Interpretation of Metrics¶
Read Throughput (903,560 rec/sec)¶
- Definition: Records deserialized from ISO 2709 bytes per second
- Measurement: MarcReader.read_record() on streaming input
- Significance: Maximum speed mrrc can parse binary MARC data
- Comparison basis: All candidate formats evaluated on same 10k_records.mrc file
Write Throughput (~789,405 rec/sec estimated)¶
- Definition: MarcRecord objects serialized to ISO 2709 bytes per second
- Measurement: MarcWriter.write_record() for each record
- Significance: Maximum speed mrrc can generate binary MARC output
- Comparison basis: Candidate formats measured on internal MarcRecord representation
Compression Ratio (96.77%)¶
- Definition: Percentage reduction in size after gzip -9
- Formula:
(1 - gzip_size / raw_size) × 100% - Interpretation: ISO 2709 is highly compressible; formats achieving >95% are roughly equivalent
- Significance: Most binary MARC formats compress similarly due to repetitive structure
Freeze Declaration¶
This baseline is FROZEN and represents the permanent reference point.

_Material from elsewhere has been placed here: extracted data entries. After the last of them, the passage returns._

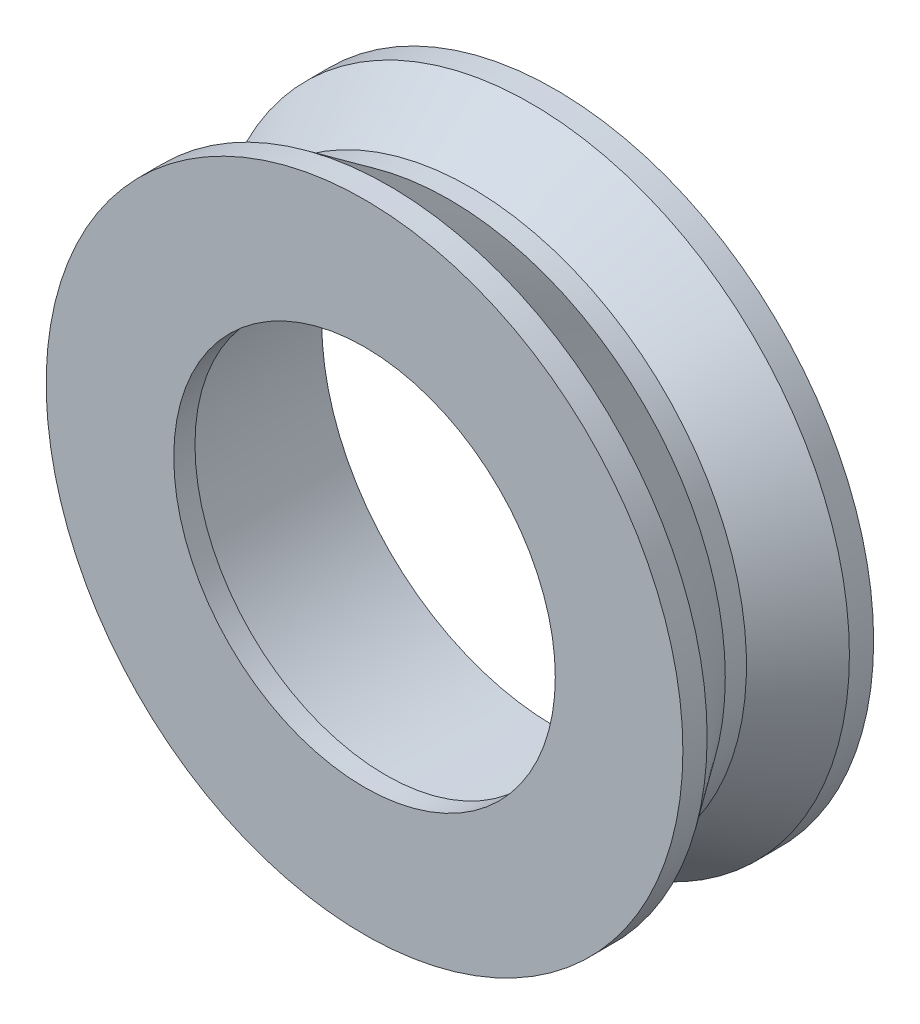
ISO-10303-21;
HEADER;
FILE_DESCRIPTION(('STEP AP214'),'2;1');
FILE_NAME('part.step','',(''),(''),'','','');
FILE_SCHEMA(('AUTOMOTIVE_DESIGN { 1 0 10303 214 1 1 1 1 }'));
ENDSEC;
DATA;
#1=APPLICATION_CONTEXT('core data for automotive mechanical design processes');
#2=APPLICATION_PROTOCOL_DEFINITION('international standard','automotive_design',2000,#1);
#3=PRODUCT_CONTEXT('',#1,'mechanical');
#4=PRODUCT('Part','Part','',(#3));
#5=PRODUCT_RELATED_PRODUCT_CATEGORY('part','',(#4));
#6=PRODUCT_DEFINITION_FORMATION('','',#4);
#7=PRODUCT_DEFINITION_CONTEXT('part definition',#1,'design');
#8=PRODUCT_DEFINITION('design','',#6,#7);
#9=PRODUCT_DEFINITION_SHAPE('','',#8);
#10=(LENGTH_UNIT() NAMED_UNIT(*) SI_UNIT(.MILLI.,.METRE.));
#11=(NAMED_UNIT(*) PLANE_ANGLE_UNIT() SI_UNIT($,.RADIAN.));
#12=(NAMED_UNIT(*) SI_UNIT($,.STERADIAN.) SOLID_ANGLE_UNIT());
#13=UNCERTAINTY_MEASURE_WITH_UNIT(LENGTH_MEASURE(1.E-05),#10,'distance_accuracy_value','');
#14=(GEOMETRIC_REPRESENTATION_CONTEXT(3) GLOBAL_UNCERTAINTY_ASSIGNED_CONTEXT((#13)) GLOBAL_UNIT_ASSIGNED_CONTEXT((#10,
#11,#12)) REPRESENTATION_CONTEXT('',''));
#15=CARTESIAN_POINT('',(0.,0.,0.));
#16=DIRECTION('',(0.,0.,1.));
#17=DIRECTION('',(1.,0.,0.));
#18=AXIS2_PLACEMENT_3D('',#15,#16,#17);
#19=CARTESIAN_POINT('',(0.,0.,7.));
#20=DIRECTION('',(0.,0.,-1.));
#21=DIRECTION('',(-1.,0.,0.));
#22=AXIS2_PLACEMENT_3D('',#19,#20,#21);
#23=CYLINDRICAL_SURFACE('',#22,13.02);
#24=CARTESIAN_POINT('',(0.,0.,3.00000000000001));
#25=DIRECTION('',(0.,0.,1.));
#26=DIRECTION('',(1.,0.,0.));
#27=AXIS2_PLACEMENT_3D('',#24,#25,#26);
#28=CIRCLE('',#27,13.02);
#29=CARTESIAN_POINT('',(-13.02,0.,3.00000000000001));
#30=VERTEX_POINT('',#29);
#31=EDGE_CURVE('E53',#30,#30,#28,.T.);
#32=CARTESIAN_POINT('',(0.,0.,3.99999999999999));
#33=DIRECTION('',(0.,0.,1.));
#34=DIRECTION('',(1.,0.,0.));
#35=AXIS2_PLACEMENT_3D('',#32,#33,#34);
#36=CIRCLE('',#35,13.02);
#37=CARTESIAN_POINT('',(-13.02,0.,3.99999999999999));
#38=VERTEX_POINT('',#37);
#39=EDGE_CURVE('E63',#38,#38,#36,.F.);
#40=CARTESIAN_POINT('',(-13.02,0.,3.00000000000001));
#41=CARTESIAN_POINT('',(-13.02,0.,3.01041666666668));
#42=CARTESIAN_POINT('',(-13.02,0.,3.02083333333335));
#43=CARTESIAN_POINT('',(-13.02,0.,3.04166666666668));
#44=CARTESIAN_POINT('',(-13.02,0.,3.05208333333335));
#45=CARTESIAN_POINT('',(-13.02,0.,3.07291666666668));
#46=CARTESIAN_POINT('',(-13.02,0.,3.08333333333335));
#47=CARTESIAN_POINT('',(-13.02,0.,3.10416666666668));
#48=CARTESIAN_POINT('',(-13.02,0.,3.11458333333334));
#49=CARTESIAN_POINT('',(-13.02,0.,3.13541666666668));
#50=CARTESIAN_POINT('',(-13.02,0.,3.14583333333334));
#51=CARTESIAN_POINT('',(-13.02,0.,3.16666666666668));
#52=CARTESIAN_POINT('',(-13.02,0.,3.17708333333334));
#53=CARTESIAN_POINT('',(-13.02,0.,3.19791666666667));
#54=CARTESIAN_POINT('',(-13.02,0.,3.20833333333334));
#55=CARTESIAN_POINT('',(-13.02,0.,3.22916666666667));
#56=CARTESIAN_POINT('',(-13.02,0.,3.23958333333334));
#57=CARTESIAN_POINT('',(-13.02,0.,3.26041666666667));
#58=CARTESIAN_POINT('',(-13.02,0.,3.27083333333334));
#59=CARTESIAN_POINT('',(-13.02,0.,3.29166666666667));
#60=CARTESIAN_POINT('',(-13.02,0.,3.30208333333334));
#61=CARTESIAN_POINT('',(-13.02,0.,3.32291666666667));
#62=CARTESIAN_POINT('',(-13.02,0.,3.33333333333334));
#63=CARTESIAN_POINT('',(-13.02,0.,3.35416666666667));
#64=CARTESIAN_POINT('',(-13.02,0.,3.36458333333334));
#65=CARTESIAN_POINT('',(-13.02,0.,3.38541666666667));
#66=CARTESIAN_POINT('',(-13.02,0.,3.39583333333334));
#67=CARTESIAN_POINT('',(-13.02,0.,3.41666666666667));
#68=CARTESIAN_POINT('',(-13.02,0.,3.42708333333333));
#69=CARTESIAN_POINT('',(-13.02,0.,3.44791666666667));
#70=CARTESIAN_POINT('',(-13.02,0.,3.45833333333333));
#71=CARTESIAN_POINT('',(-13.02,0.,3.47916666666667));
#72=CARTESIAN_POINT('',(-13.02,0.,3.48958333333333));
#73=CARTESIAN_POINT('',(-13.02,0.,3.51041666666667));
#74=CARTESIAN_POINT('',(-13.02,0.,3.52083333333333));
#75=CARTESIAN_POINT('',(-13.02,0.,3.54166666666667));
#76=CARTESIAN_POINT('',(-13.02,0.,3.55208333333333));
#77=CARTESIAN_POINT('',(-13.02,0.,3.57291666666666));
#78=CARTESIAN_POINT('',(-13.02,0.,3.58333333333333));
#79=CARTESIAN_POINT('',(-13.02,0.,3.60416666666666));
#80=CARTESIAN_POINT('',(-13.02,0.,3.61458333333333));
#81=CARTESIAN_POINT('',(-13.02,0.,3.63541666666666));
#82=CARTESIAN_POINT('',(-13.02,0.,3.64583333333333));
#83=CARTESIAN_POINT('',(-13.02,0.,3.66666666666666));
#84=CARTESIAN_POINT('',(-13.02,0.,3.67708333333333));
#85=CARTESIAN_POINT('',(-13.02,0.,3.69791666666666));
#86=CARTESIAN_POINT('',(-13.02,0.,3.70833333333333));
#87=CARTESIAN_POINT('',(-13.02,0.,3.72916666666666));
#88=CARTESIAN_POINT('',(-13.02,0.,3.73958333333333));
#89=CARTESIAN_POINT('',(-13.02,0.,3.76041666666666));
#90=CARTESIAN_POINT('',(-13.02,0.,3.77083333333333));
#91=CARTESIAN_POINT('',(-13.02,0.,3.79166666666666));
#92=CARTESIAN_POINT('',(-13.02,0.,3.80208333333332));
#93=CARTESIAN_POINT('',(-13.02,0.,3.82291666666666));
#94=CARTESIAN_POINT('',(-13.02,0.,3.83333333333332));
#95=CARTESIAN_POINT('',(-13.02,0.,3.85416666666666));
#96=CARTESIAN_POINT('',(-13.02,0.,3.86458333333332));
#97=CARTESIAN_POINT('',(-13.02,0.,3.88541666666665));
#98=CARTESIAN_POINT('',(-13.02,0.,3.89583333333332));
#99=CARTESIAN_POINT('',(-13.02,0.,3.91666666666665));
#100=CARTESIAN_POINT('',(-13.02,0.,3.92708333333332));
#101=CARTESIAN_POINT('',(-13.02,0.,3.94791666666665));
#102=CARTESIAN_POINT('',(-13.02,0.,3.95833333333332));
#103=CARTESIAN_POINT('',(-13.02,0.,3.97916666666665));
#104=CARTESIAN_POINT('',(-13.02,0.,3.98958333333332));
#105=CARTESIAN_POINT('',(-13.02,0.,3.99999999999999));
#106=B_SPLINE_CURVE_WITH_KNOTS('',3,(#40,#41,#42,#43,#44,#45,#46,#47,#48,#49,#50,#51,#52,#53,
#54,#55,#56,#57,#58,#59,#60,#61,#62,#63,#64,#65,#66,#67,#68,#69,#70,#71,#72,#73,#74,#75,#76,#77,
#78,#79,#80,#81,#82,#83,#84,#85,#86,#87,#88,#89,#90,#91,#92,#93,#94,#95,#96,#97,#98,#99,#100,
#101,#102,#103,#104,#105),.UNSPECIFIED.,.F.,.F.,(4,2,2,2,2,2,2,2,2,2,2,2,2,2,2,2,2,2,2,2,2,2,2,
2,2,2,2,2,2,2,2,2,4),(0.,0.0312499999999992,0.0624999999999983,0.0937499999999975,
0.124999999999997,0.156249999999995,0.187499999999995,0.218749999999994,0.249999999999993,
0.281249999999992,0.312499999999991,0.34374999999999,0.374999999999989,0.406249999999988,
0.437499999999987,0.468749999999987,0.499999999999986,0.531249999999985,0.562499999999984,
0.593749999999983,0.624999999999982,0.656249999999981,0.68749999999998,0.718749999999979,
0.749999999999979,0.781249999999978,0.812499999999977,0.843749999999976,0.874999999999975,
0.906249999999974,0.937499999999973,0.968749999999972,0.999999999999971),.UNSPECIFIED.);
#107=EDGE_CURVE('BSEAM45',#30,#38,#106,.T.);
#108=ORIENTED_EDGE('',*,*,#31,.T.);
#109=ORIENTED_EDGE('',*,*,#39,.T.);
#110=ORIENTED_EDGE('',*,*,#107,.T.);
#111=ORIENTED_EDGE('',*,*,#107,.F.);
#112=EDGE_LOOP('',(#108,#110,#109,#111));
#113=FACE_BOUND('',#112,.T.);
#114=ADVANCED_FACE('F45',(#113),#23,.T.);
#115=CARTESIAN_POINT('',(0.,0.,7.));
#116=DIRECTION('',(0.,0.,-1.));
#117=DIRECTION('',(-1.,0.,0.));
#118=AXIS2_PLACEMENT_3D('',#115,#116,#117);
#119=CYLINDRICAL_SURFACE('',#118,11.02);
#120=CARTESIAN_POINT('',(0.,0.,7.));
#121=DIRECTION('',(0.,0.,1.));
#122=DIRECTION('',(1.,0.,0.));
#123=AXIS2_PLACEMENT_3D('',#120,#121,#122);
#124=CIRCLE('',#123,11.02);
#125=CARTESIAN_POINT('',(11.02,0.,7.));
#126=VERTEX_POINT('',#125);
#127=EDGE_CURVE('E69',#126,#126,#124,.T.);
#128=ORIENTED_EDGE('',*,*,#127,.T.);
#129=EDGE_LOOP('',(#128));
#130=FACE_BOUND('',#129,.T.);
#131=CARTESIAN_POINT('',(0.,0.,-1.));
#132=DIRECTION('',(0.,0.,1.));
#133=DIRECTION('',(1.,0.,0.));
#134=AXIS2_PLACEMENT_3D('',#131,#132,#133);
#135=CIRCLE('',#134,11.02);
#136=CARTESIAN_POINT('',(11.02,0.,-1.));
#137=VERTEX_POINT('',#136);
#138=EDGE_CURVE('E89',#137,#137,#135,.T.);
#139=ORIENTED_EDGE('',*,*,#138,.F.);
#140=EDGE_LOOP('',(#139));
#141=FACE_BOUND('',#140,.T.);
#142=ADVANCED_FACE('F97',(#130,#141),#119,.F.);
#143=CARTESIAN_POINT('',(0.,0.,7.));
#144=DIRECTION('',(0.,0.,1.));
#145=DIRECTION('',(1.,0.,0.));
#146=AXIS2_PLACEMENT_3D('',#143,#144,#145);
#147=PLANE('',#146);
#148=CARTESIAN_POINT('',(0.,0.,7.));
#149=DIRECTION('',(0.,0.,1.));
#150=DIRECTION('',(1.,0.,0.));
#151=AXIS2_PLACEMENT_3D('',#148,#149,#150);
#152=CIRCLE('',#151,9.);
#153=CARTESIAN_POINT('',(9.,0.,7.));
#154=VERTEX_POINT('',#153);
#155=EDGE_CURVE('E74',#154,#154,#152,.T.);
#156=ORIENTED_EDGE('',*,*,#155,.T.);
#157=EDGE_LOOP('',(#156));
#158=FACE_BOUND('',#157,.T.);
#159=ORIENTED_EDGE('',*,*,#127,.F.);
#160=EDGE_LOOP('',(#159));
#161=FACE_BOUND('',#160,.T.);
#162=ADVANCED_FACE('F99',(#158,#161),#147,.F.);
#163=CARTESIAN_POINT('',(0.,0.,8.));
#164=DIRECTION('',(0.,0.,-1.));
#165=DIRECTION('',(-1.,0.,0.));
#166=AXIS2_PLACEMENT_3D('',#163,#164,#165);
#167=CYLINDRICAL_SURFACE('',#166,15.02);
#168=CARTESIAN_POINT('',(0.,0.,6.85629601348418));
#169=DIRECTION('',(0.,0.,1.));
#170=DIRECTION('',(1.,0.,0.));
#171=AXIS2_PLACEMENT_3D('',#168,#169,#170);
#172=CIRCLE('',#171,15.02);
#173=CARTESIAN_POINT('',(15.02,0.,6.85629601348418));
#174=VERTEX_POINT('',#173);
#175=EDGE_CURVE('E58',#174,#174,#172,.T.);
#176=ORIENTED_EDGE('',*,*,#175,.T.);
#177=EDGE_LOOP('',(#176));
#178=FACE_BOUND('',#177,.T.);
#179=CARTESIAN_POINT('',(0.,0.,8.));
#180=DIRECTION('',(0.,0.,1.));
#181=DIRECTION('',(1.,0.,0.));
#182=AXIS2_PLACEMENT_3D('',#179,#180,#181);
#183=CIRCLE('',#182,15.02);
#184=CARTESIAN_POINT('',(15.02,0.,8.));
#185=VERTEX_POINT('',#184);
#186=EDGE_CURVE('E78',#185,#185,#183,.T.);
#187=ORIENTED_EDGE('',*,*,#186,.F.);
#188=EDGE_LOOP('',(#187));
#189=FACE_BOUND('',#188,.T.);
#190=ADVANCED_FACE('F106',(#178,#189),#167,.T.);
#191=CARTESIAN_POINT('',(0.,0.,8.));
#192=DIRECTION('',(0.,0.,-1.));
#193=DIRECTION('',(-1.,0.,0.));
#194=AXIS2_PLACEMENT_3D('',#191,#192,#193);
#195=CYLINDRICAL_SURFACE('',#194,9.);
#196=CARTESIAN_POINT('',(0.,0.,8.));
#197=DIRECTION('',(0.,0.,1.));
#198=DIRECTION('',(1.,0.,0.));
#199=AXIS2_PLACEMENT_3D('',#196,#197,#198);
#200=CIRCLE('',#199,9.);
#201=CARTESIAN_POINT('',(9.,0.,8.));
#202=VERTEX_POINT('',#201);
#203=EDGE_CURVE('E73',#202,#202,#200,.T.);
#204=ORIENTED_EDGE('',*,*,#203,.T.);
#205=EDGE_LOOP('',(#204));
#206=FACE_BOUND('',#205,.T.);
#207=ORIENTED_EDGE('',*,*,#155,.F.);
#208=EDGE_LOOP('',(#207));
#209=FACE_BOUND('',#208,.T.);
#210=ADVANCED_FACE('F128',(#206,#209),#195,.F.);
#211=CARTESIAN_POINT('',(0.,0.,8.));
#212=DIRECTION('',(0.,0.,1.));
#213=DIRECTION('',(1.,0.,0.));
#214=AXIS2_PLACEMENT_3D('',#211,#212,#213);
#215=PLANE('',#214);
#216=ORIENTED_EDGE('',*,*,#186,.T.);
#217=EDGE_LOOP('',(#216));
#218=FACE_BOUND('',#217,.T.);
#219=ORIENTED_EDGE('',*,*,#203,.F.);
#220=EDGE_LOOP('',(#219));
#221=FACE_BOUND('',#220,.T.);
#222=ADVANCED_FACE('F131',(#218,#221),#215,.T.);
#223=CARTESIAN_POINT('',(0.,0.,-1.));
#224=DIRECTION('',(0.,0.,1.));
#225=DIRECTION('',(1.,0.,0.));
#226=AXIS2_PLACEMENT_3D('',#223,#224,#225);
#227=CYLINDRICAL_SURFACE('',#226,15.02);
#228=CARTESIAN_POINT('',(0.,0.,0.143703986515823));
#229=DIRECTION('',(0.,0.,-1.));
#230=DIRECTION('',(-1.,0.,0.));
#231=AXIS2_PLACEMENT_3D('',#228,#229,#230);
#232=CIRCLE('',#231,15.02);
#233=CARTESIAN_POINT('',(-15.02,0.,0.143703986515824));
#234=VERTEX_POINT('',#233);
#235=EDGE_CURVE('E11',#234,#234,#232,.T.);
#236=ORIENTED_EDGE('',*,*,#235,.T.);
#237=EDGE_LOOP('',(#236));
#238=FACE_BOUND('',#237,.T.);
#239=CARTESIAN_POINT('',(0.,0.,-1.));
#240=DIRECTION('',(0.,0.,1.));
#241=DIRECTION('',(1.,0.,0.));
#242=AXIS2_PLACEMENT_3D('',#239,#240,#241);
#243=CIRCLE('',#242,15.02);
#244=CARTESIAN_POINT('',(15.02,0.,-1.));
#245=VERTEX_POINT('',#244);
#246=EDGE_CURVE('E79',#245,#245,#243,.T.);
#247=ORIENTED_EDGE('',*,*,#246,.T.);
#248=EDGE_LOOP('',(#247));
#249=FACE_BOUND('',#248,.T.);
#250=ADVANCED_FACE('F120',(#238,#249),#227,.T.);
#251=CARTESIAN_POINT('',(0.,0.,-1.));
#252=DIRECTION('',(0.,0.,1.));
#253=DIRECTION('',(1.,0.,0.));
#254=AXIS2_PLACEMENT_3D('',#251,#252,#253);
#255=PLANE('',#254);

Constraints on Future Changes¶
PROHIBITED: - ❌ Retroactive adjustments to these metrics - ❌ Re-running benchmarks with different compiler flags and updating this document - ❌ "Optimizing" the baseline upward to improve format comparisons - ❌ Changing test dataset after baseline is established
REQUIRED for Environment Changes: - ✅ If Rust version changes significantly (e.g., 1.92 → 2.0), create a NEW baseline document (BASELINE_ISO2709_RUST_2_0.md) - ✅ If CPU/system changes (e.g., different hardware), create a NEW baseline document with environment prefix - ✅ If test data changes (10k_records.mrc modified), create a NEW baseline document with version suffix
Why Frozen?¶
- Prevents cherry-picking: Guarantees all formats evaluated against same reference
- Prevents regression creep: Ensures baseline isn't "improved" to make poor formats look better
- Enables reproducibility: Future evaluations can reference this exact baseline
- Supports recommendations: All verdicts are tied to this specific environment and metrics
Date & Version Control¶
- Baseline updated: 2026-01-14
- Rust version: 1.92.0 (2025-12-08)
- Criterion.rs version: As specified in Cargo.lock (see
cargo tree) - Benchmark script:
benches/marc_benchmarks.rs
References¶
- Benchmark code: benches/marc_benchmarks.rs
- Test dataset: tests/data/fixtures/10k_records.mrc
- Evaluation framework: EVALUATION_FRAMEWORK.md
- Evaluation template: TEMPLATE_evaluation.md
Appendix: How to Reproduce This Baseline¶
To verify these metrics on your own system:
# 1. Check Rust version
rustc --version
cargo --version
# 2. Run read benchmark
cargo bench --bench marc_benchmarks -- read_10k_records
# 3. Run roundtrip benchmark
cargo bench --bench marc_benchmarks -- roundtrip_10k_records
# 4. Measure file sizes
wc -c tests/data/fixtures/10k_records.mrc
gzip -9 < tests/data/fixtures/10k_records.mrc | wc -c
# 5. Calculate compression ratio
# compression_ratio = (1 - gzipped_size / raw_size) * 100
Note: Results may vary by ±5% due to system load and CPU thermal throttling. On Apple Silicon (M1/M2/M3/M4), consistent performance is expected within these bounds.